Oui du grand n importe quoi, mais il est quand même précisé que les personnes recrutées feront une formation de 120h avant le début de l embauche.


----------



## nounoucat1 (9 Août 2022)

Je crois que justement ce qui s'est passé a Lyon a montré l'horreur que peut amener le manque de personnel d'où cet sorte de recrutement dans l'urgence. Pour plus de justice les employées de crèche devraient avoir les mêmes obligations que les assmats.


----------



## Griselda (9 Août 2022)

Bon perso si je devais repartir à l’extérieur pour travailler ça ne serait certainement pas pour travailler en crèche. Je n'ai encore JAMAIS rencontrer une collègue de crèche heureuse de s'y trouver mais au contraire très désabusée et ce sentiment affreux de faire du travail à la chaîne, les bébés étant la production du jour.

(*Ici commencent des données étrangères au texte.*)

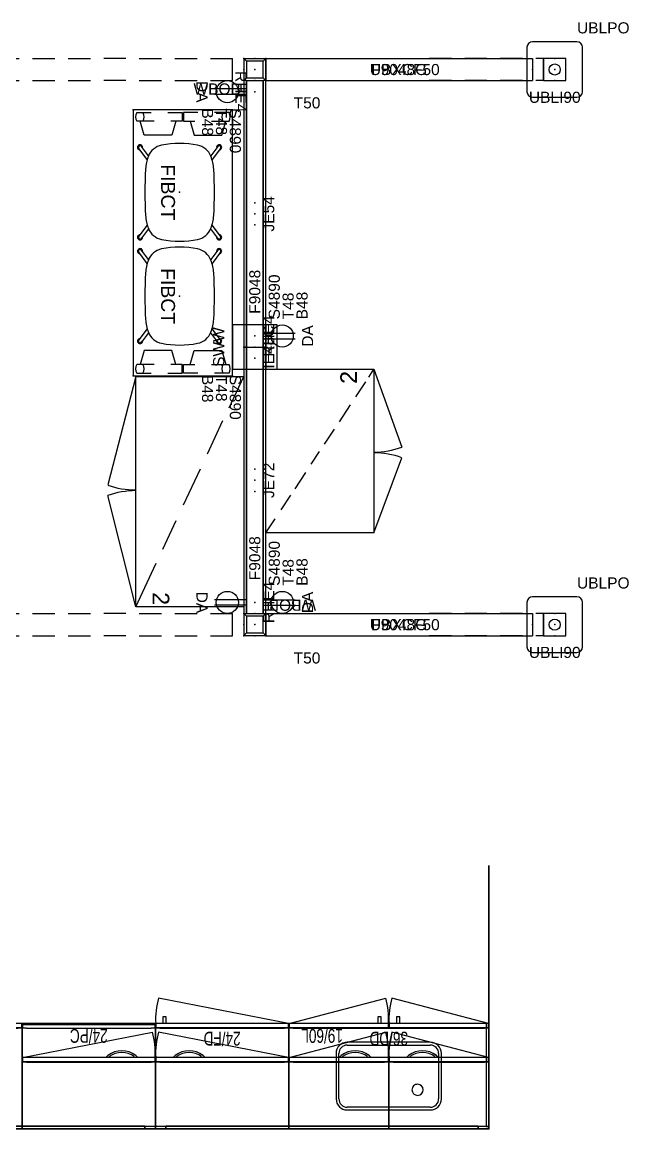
# Model space of a CAD drawing. Header units: inches. Extents: x 0 to 501, y -3 to 400.
# Drawn here: x 254.9 to 364.1, y 0 to 199.4 of the extents above; entities that cross this region are included whole.
import ezdxf
from ezdxf.enums import TextEntityAlignment as Align

# ---------------------------------------------------------------- set-up
doc = ezdxf.new("R2010")
doc.units = ezdxf.units.IN
doc.header["$MEASUREMENT"] = 0
for name, color, linetype in [('A-FURN-P-HARDWARE', 3, 'Continuous'), ('A-FURN-P-HARDWARE-PROD_NO-T', 3, 'Continuous'), ('A-FURN-P-STORAGE', 6, 'Continuous'), ('A-FURN-P-STORAGE-PROD_NO-T', 6, 'Continuous'), ('A-FURN-P-STORAGE-PROD_NO-TEXT', 6, 'Continuous'), ('A-FURN-P-TABLE', 2, 'Continuous'), ('A-FURN-P-TABLE-PROD_NO', 2, 'Continuous'), ('A-FURN-P-TABLE-T', 7, 'Continuous'), ('A-FURN-P-WKSURF', 1, 'Continuous'), ('A-FURN-P-WKSURF-PROD_NO-T', 1, 'Continuous'), ('A-FURN-P-WKSURF-SS-T', 1, 'Continuous'), ('AFUEL-2D', 5, 'Continuous'), ('AFUEL-2D-TX', 5, 'Continuous'), ('AFUFU-2D-CH', 2, 'Continuous'), ('AFUFU-2D-CH-TX', 2, 'Continuous'), ('AFUFU-2D-WC-BT', 3, 'Continuous'), ('AFUFU-2D-WC-BT-TX', 3, 'Continuous'), ('AFUFU-2D-WC-CB', 3, 'Continuous'), ('AFUFU-2D-WC-CB-TX', 3, 'Continuous'), ('AFUFU-2D-WC-CK', 3, 'Continuous'), ('AFUFU-2D-WC-CK-TX', 3, 'Continuous'), ('AFUFU-2D-WC-CO', 3, 'Continuous'), ('AFUFU-2D-WC-CO-TX', 3, 'Continuous'), ('AFUFU-2D-WC-FN', 3, 'Continuous'), ('AFUFU-2D-WC-FN-TX', 3, 'Continuous'), ('AFUFU-2D-WC-FR', 2, 'Continuous'), ('AFUFU-2D-WC-FR-TX', 2, 'Continuous'), ('AFUFU-2D-WC-PO', 3, 'Continuous'), ('AFUFU-2D-WC-PO-TX', 3, 'Continuous'), ('AFUFU-2D-WC-SF', 3, 'Continuous'), ('AFUFU-2D-WC-SF-TX', 3, 'Continuous'), ('AFUFU-2D-WC-TT', 6, 'Continuous'), ('AFUFU-2D-WC-TT-TX', 6, 'Continuous'), ('WALLS', 7, 'Continuous')]:
    doc.layers.add(name, color=color, linetype=linetype)
doc.styles.get("Standard").update_dxf_attribs({"font": 'arial.ttf'})

# ---------------------------------------------------------------- blocks, each defined once
blk = doc.blocks.new('P_CH100-60')
at = {"layer": 'A-FURN-P-HARDWARE'}
for p, q in [((1.89, 0), (58.11, 0)), ((1.89, -0.47), (1.89, 0)), ((1.89, 0), (1.89, -0.47)), ((58.11, 0), (1.89, 0)), ((58.11, -0.47), (1.89, -0.47)), ((1.89, -0.47), (58.11, -0.47)), ((58.11, 0), (58.11, -0.47)), ((58.11, -0.47), (58.11, 0))]:
    blk.add_line(p, q, dxfattribs=at)
for p in [(0, 0), (60, 0)]:
    blk.add_point(p, dxfattribs=at)
at = {"layer": 'A-FURN-P-HARDWARE-PROD_NO-T', "flags": 1}
for tag in ['CAPPN', 'CAPMG', 'CAPMC', 'CAPQT', 'CAPDH', 'CAPGC']:
    blk.add_attdef(tag, (0, 0), '', height=0.001, dxfattribs=at)
at = {"layer": 'A-FURN-P-HARDWARE-PROD_NO-T'}
blk.add_attdef('CAPTG', (4, -4), '', height=2.5, dxfattribs=at)
blk = doc.blocks.new('P_CH100-48')
at = {"layer": 'A-FURN-P-HARDWARE'}
for p, q in [((1.89, 0), (46.11, 0)), ((1.89, -0.47), (1.89, 0)), ((1.89, 0), (1.89, -0.47)), ((46.11, 0), (1.89, 0)), ((46.11, -0.47), (1.89, -0.47)), ((1.89, -0.47), (46.11, -0.47)), ((46.11, 0), (46.11, -0.47)), ((46.11, -0.47), (46.11, 0))]:
    blk.add_line(p, q, dxfattribs=at)
for p in [(0, 0), (48, 0)]:
    blk.add_point(p, dxfattribs=at)
at = {"layer": 'A-FURN-P-HARDWARE-PROD_NO-T', "flags": 1}
for tag in ['CAPPN', 'CAPMG', 'CAPMC', 'CAPQT', 'CAPDH', 'CAPGC']:
    blk.add_attdef(tag, (0, 0), '', height=0.001, dxfattribs=at)
at = {"layer": 'A-FURN-P-HARDWARE-PROD_NO-T'}
blk.add_attdef('CAPTG', (4, -4), '', height=2.5, dxfattribs=at)
blk = doc.blocks.new('P_CH100-72')
at = {"layer": 'A-FURN-P-HARDWARE'}
for p, q in [((1.89, 0), (70.11, 0)), ((1.89, -0.47), (1.89, 0)), ((1.89, 0), (1.89, -0.47)), ((70.11, 0), (1.89, 0)), ((70.11, -0.47), (1.89, -0.47)), ((1.89, -0.47), (70.11, -0.47)), ((70.11, 0), (70.11, -0.47)), ((70.11, -0.47), (70.11, 0))]:
    blk.add_line(p, q, dxfattribs=at)
for p in [(0, 0), (72, 0)]:
    blk.add_point(p, dxfattribs=at)
at = {"layer": 'A-FURN-P-HARDWARE-PROD_NO-T', "flags": 1}
for tag in ['CAPPN', 'CAPMG', 'CAPMC', 'CAPQT', 'CAPDH', 'CAPGC']:
    blk.add_attdef(tag, (0, 0), '', height=0.001, dxfattribs=at)
at = {"layer": 'A-FURN-P-HARDWARE-PROD_NO-T'}
blk.add_attdef('CAPTG', (4, -4), '', height=2.5, dxfattribs=at)
blk = doc.blocks.new('P_CH210-3619DDLBNLAH')
at = {"layer": 'A-FURN-P-STORAGE'}
for p, q in [((0, 0), (0, -18.11)), ((36, 0), (0, 0)), ((36, -18.11), (36, 0)), ((0, -18.11), (0.76, -18.11)), ((0.06, -18.24), (0.06, -19)), ((17.94, -18.24), (0.06, -18.24)), ((0.06, -19), (17.94, -19)), ((0.06, -19), (17.44, -23.57)), ((0.76, -18.06), (35.24, -18.06)), ((16.03, -19), (16.03, -20.19)), ((16.64, -20.19), (16.64, -19)), ((17.94, -19), (17.94, -18.24)), ((18.06, -18.24), (18.06, -19)), ((35.94, -18.24), (18.06, -18.24)), ((18.06, -19), (35.94, -19)), ((35.94, -19), (18.56, -23.57)), ((19.36, -19), (19.36, -20.19)), ((19.97, -20.19), (19.97, -19)), ((35.24, -18.11), (36, -18.11)), ((35.94, -19), (35.94, -18.24)), ((16.03, -20.19), (16.64, -20.19)), ((19.36, -20.19), (19.97, -20.19))]:
    blk.add_line(p, q, dxfattribs=at)
for centre, start, end in [((4.48, -19.84), 343.9457, 3.5611), ((31.52, -19.84), 176.4389, 196.0544)]:
    blk.add_arc(centre, 13.49, start, end, dxfattribs=at)
for p in [(0, 0), (36, 0)]:
    blk.add_point(p, dxfattribs=at)
at = {"layer": 'A-FURN-P-STORAGE-PROD_NO-T', "flags": 1}
for tag in ['CAPPN', 'CAPMG', 'CAPMC', 'CAPQT', 'CAPDH', 'CAPGC']:
    blk.add_attdef(tag, (0, 0), '', height=0.001, dxfattribs=at)
at = {"layer": 'A-FURN-P-STORAGE-PROD_NO-T'}
blk.add_attdef('CAPTG', (4, -4), '', height=2.5, dxfattribs=at)
at = {"layer": 'A-FURN-P-STORAGE-PROD_NO-TEXT', "width": 0.7}
blk.add_text('36/DD', height=2.5, dxfattribs=at).set_placement((18, -17.5), align=Align.CENTER)
blk = doc.blocks.new('P_CH210-2419FDRLNLAH')
at = {"layer": 'A-FURN-P-STORAGE'}
for p, q in [((0, 0), (0, -18.11)), ((24, 0), (0, 0)), ((24, -18.11), (24, 0)), ((0, -18.11), (0.76, -18.11)), ((0.06, -18.24), (0.06, -19)), ((23.94, -18.24), (0.06, -18.24)), ((0.06, -19), (23.94, -19)), ((0.06, -19), (23.44, -23.57)), ((0.76, -18.06), (23.24, -18.06)), ((22.05, -19), (22.05, -20.19)), ((22.65, -20.19), (22.65, -19)), ((23.24, -18.11), (24, -18.11)), ((23.94, -19), (23.94, -18.24)), ((22.05, -20.19), (22.65, -20.19))]:
    blk.add_line(p, q, dxfattribs=at)
blk.add_arc((10.48, -19.84), 13.49, 343.9457, 3.5611, dxfattribs=at)
for p in [(0, 0), (24, 0)]:
    blk.add_point(p, dxfattribs=at)
at = {"layer": 'A-FURN-P-STORAGE-PROD_NO-T', "flags": 1}
for tag in ['CAPPN', 'CAPMG', 'CAPMC', 'CAPQT', 'CAPDH', 'CAPGC']:
    blk.add_attdef(tag, (0, 0), '', height=0.001, dxfattribs=at)
at = {"layer": 'A-FURN-P-STORAGE-PROD_NO-T'}
blk.add_attdef('CAPTG', (4, -4), '', height=2.5, dxfattribs=at)
at = {"layer": 'A-FURN-P-STORAGE-PROD_NO-TEXT', "width": 0.7}
blk.add_text('24/FD', height=2.5, dxfattribs=at).set_placement((12, -17.5), align=Align.CENTER)
blk = doc.blocks.new('P_CH200-2419PCLNLNH')
at = {"layer": 'A-FURN-P-STORAGE'}
for p, q in [((0, 0), (0, -18.11)), ((24, 0), (0, 0)), ((24, -18.11), (24, 0)), ((0, -18.11), (0.76, -18.11)), ((0.06, -18.11), (0.06, -18.76)), ((0.06, -18.76), (23.94, -18.76)), ((0.76, -18.06), (23.24, -18.06)), ((23.24, -18.11), (24, -18.11)), ((23.94, -18.76), (23.94, -18.11))]:
    blk.add_line(p, q, dxfattribs=at)
for p in [(0, 0), (24, 0)]:
    blk.add_point(p, dxfattribs=at)
at = {"layer": 'A-FURN-P-STORAGE-PROD_NO-T', "flags": 1}
for tag in ['CAPPN', 'CAPMG', 'CAPMC', 'CAPQT', 'CAPDH', 'CAPGC']:
    blk.add_attdef(tag, (0, 0), '', height=0.001, dxfattribs=at)
at = {"layer": 'A-FURN-P-STORAGE-PROD_NO-T'}
blk.add_attdef('CAPTG', (4, -4), '', height=2.5, dxfattribs=at)
at = {"layer": 'A-FURN-P-STORAGE-PROD_NO-TEXT', "width": 0.7}
blk.add_text('24/PC', height=2.5, dxfattribs=at).set_placement((12, -18), align=Align.CENTER)
blk = doc.blocks.new('P_CH200-2419SDRNLAH')
at = {"layer": 'A-FURN-P-STORAGE'}
for p, q in [((0, 0), (0, -18.11)), ((24, 0), (0, 0)), ((24, -18.11), (24, 0)), ((0, -18.11), (0.76, -18.11)), ((0.06, -18.24), (0.06, -19)), ((23.94, -18.24), (0.06, -18.24)), ((0.06, -19), (23.94, -19)), ((0.76, -18.06), (23.24, -18.06)), ((9.12, -19), (9.5, -19.33)), ((9.75, -19.14), (9.7, -19)), ((14.3, -19), (14.25, -19.14)), ((14.5, -19.33), (14.88, -19)), ((23.24, -18.11), (24, -18.11)), ((23.94, -19), (23.94, -18.24))]:
    blk.add_line(p, q, dxfattribs=at)
for radius, start, end in [(4.07, 232.0592, 307.9408), (3.76, 233.2989, 306.7011)]:
    blk.add_arc((12, -16.12), radius, start, end, dxfattribs=at)
for p in [(0, 0), (24, 0)]:
    blk.add_point(p, dxfattribs=at)
at = {"layer": 'A-FURN-P-STORAGE-PROD_NO-T', "flags": 1}
for tag in ['CAPPN', 'CAPMG', 'CAPMC', 'CAPQT', 'CAPDH', 'CAPGC']:
    blk.add_attdef(tag, (0, 0), '', height=0.001, dxfattribs=at)
at = {"layer": 'A-FURN-P-STORAGE-PROD_NO-T'}
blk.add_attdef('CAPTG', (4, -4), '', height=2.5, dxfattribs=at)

Les tout derniers scandales horribles ne démontrent pas du tout qu'un diplôme puisse mieux protéger les Loulous d'exactions graves car il me semble bien que même sans aucun diplôme dans aucun domaine toute personne SAIT qu'on ne DOIT PAS faire de mal à un enfant (ou à qui que ce soit) et qu'en aucun cas faire avaler un détergent à un bébé (ou à qui que ce soit) ne peut être fait par méconnaissance de son acte.
Ce qui conduit à ça est un gravissime pétage de plomb, au même titre qu'un Parent infanticide sait pertinemment qu'il ne doit pas faire ça.

D'une certaine manière, au vu du nombre de personnel manquant cette mesure ne me choque pas car il vaut sans doute mieux qu'un dirigent de crèche puisse avoir le choix d'employer une personne pour ses qualités personnelles, ce d'autant plus si elle serait chapeautée par au moins une personne diplômée.

Après tout aucun diplôme n'est demandé à une AM pour obtenir un Agrément, pourtant elle travaillera seule ensuite. Certes aujourd'hui les nouvelles agréées doivent réussir un examen mais après seulement 120h de formation peut on véritablement dire qu'elle sait toute la théorie? Non, bien sur, et pour cause, en matière de petite enfance les belles théories ne sont pas toujours d'un grand secours si ce n'est une seule: l'observation reste le meilleure indicateur, puis on tente des trucs et voit ce qui marche.
Je suis une grande adepte des formations continues car elles m'apportent des éclairages possibles et des outils nouveaux pour essayer de mieux comprendre le Loulou mais je pense que pour faire notre travail notre 1ere qualité ne s'apprendra pas dans un livre car c'est une qualité humaine avant tout.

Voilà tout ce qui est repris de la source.